Personally, I think the Ice Age connection leaks. Yes, the world's oceans have fallen and risen during intense Glacial periods, as evidenced by the stalactites at 150 ft in Belize's Blue Hole, and yes coral reefs exposed then died to be repopulated later. However the fall in ocean depths then was slow enough that coral populations on shallow reefs simply populated deeper on the submerged rocks as the water level dropped over the years. When the water finally rose slowly, the reverse migration of the population occurred.

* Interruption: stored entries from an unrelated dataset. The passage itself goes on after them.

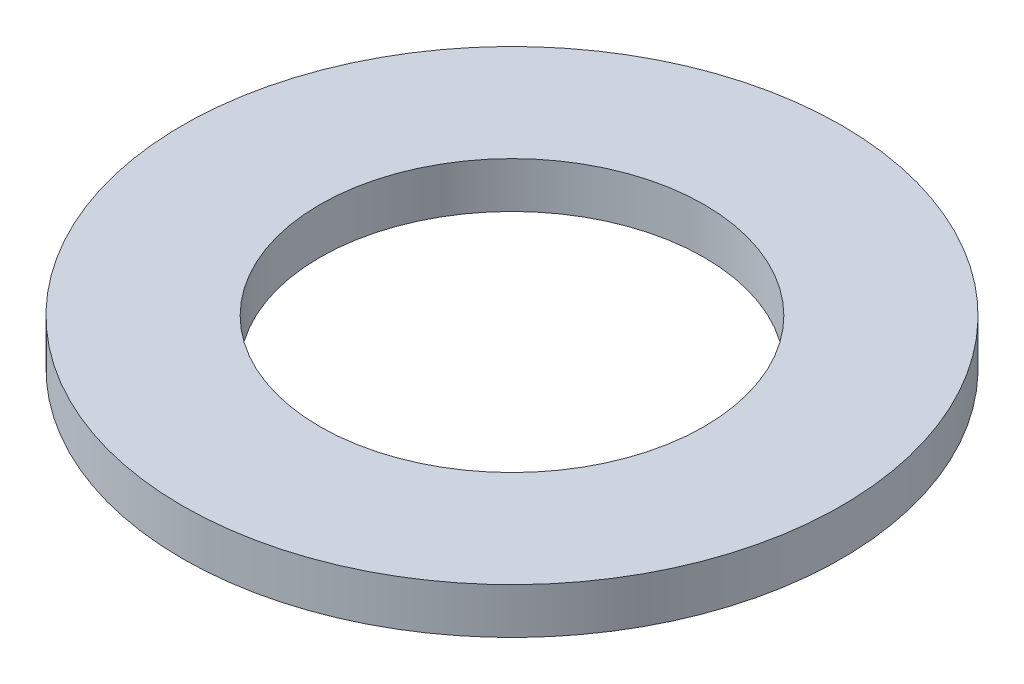
SolidWorks part; units mm, degrees
material "1060-O (SS)"
ref_plane "Ebene vorne" through (0, 0, 0) normal (0, 0, 1) x (1, 0, 0)
ref_plane "Ebene oben" through (0, 0, 0) normal (0, 1, 0) x (1, 0, 0)
ref_plane "Ebene rechts" through (0, 0, 0) normal (1, 0, 0) x (0, 0, -1)
sketch "Sketch1" plane through (0, 0, 0) normal (0, 0, 1) x (1, 0, 0)
  line L0 (0, 0) -> (0, 2.4219) construction
  line L1 (-4.2, 0) -> (-7.2, 0)
  line L2 (-4.2, 0) -> (-4.2, 1)
  line L3 (-4.2, 1) -> (-7.2, 1)
  line L4 (-7.2, 0) -> (-7.2, 1)
  dimension "D1" = 1
  dimension "D2" = 3
  dimension "D3" = 4.2
revolve "Revolve1" add sketch "Sketch1" angle 360 about L0

I did not understand his theory either. I spent a summer as a geologist back ago in the Bahamas studying modern coral reefs as historical analogs. The Bahamas Banks have been exposed numerous times. The Flower Gardens Banks are another with an unusual history or perhaps not so unusual.
As a geologist and a one time working geologist, when we use "slow" or "fast" in a geological sense it is not the same usage as that of a lay person's meaning. Yep, the climate is changing, has been doing so for just over 4.5 Billion years with a B.
I would love to dive the Great Permian Reef:
http://www.eos.ubc.ca/resources/slidesets/guad/slidefiles/guadc0.html
When I get my time machine finished, that would be a dive to top them all. I spent a lot of time on the Permian outcrops, it was a wonder.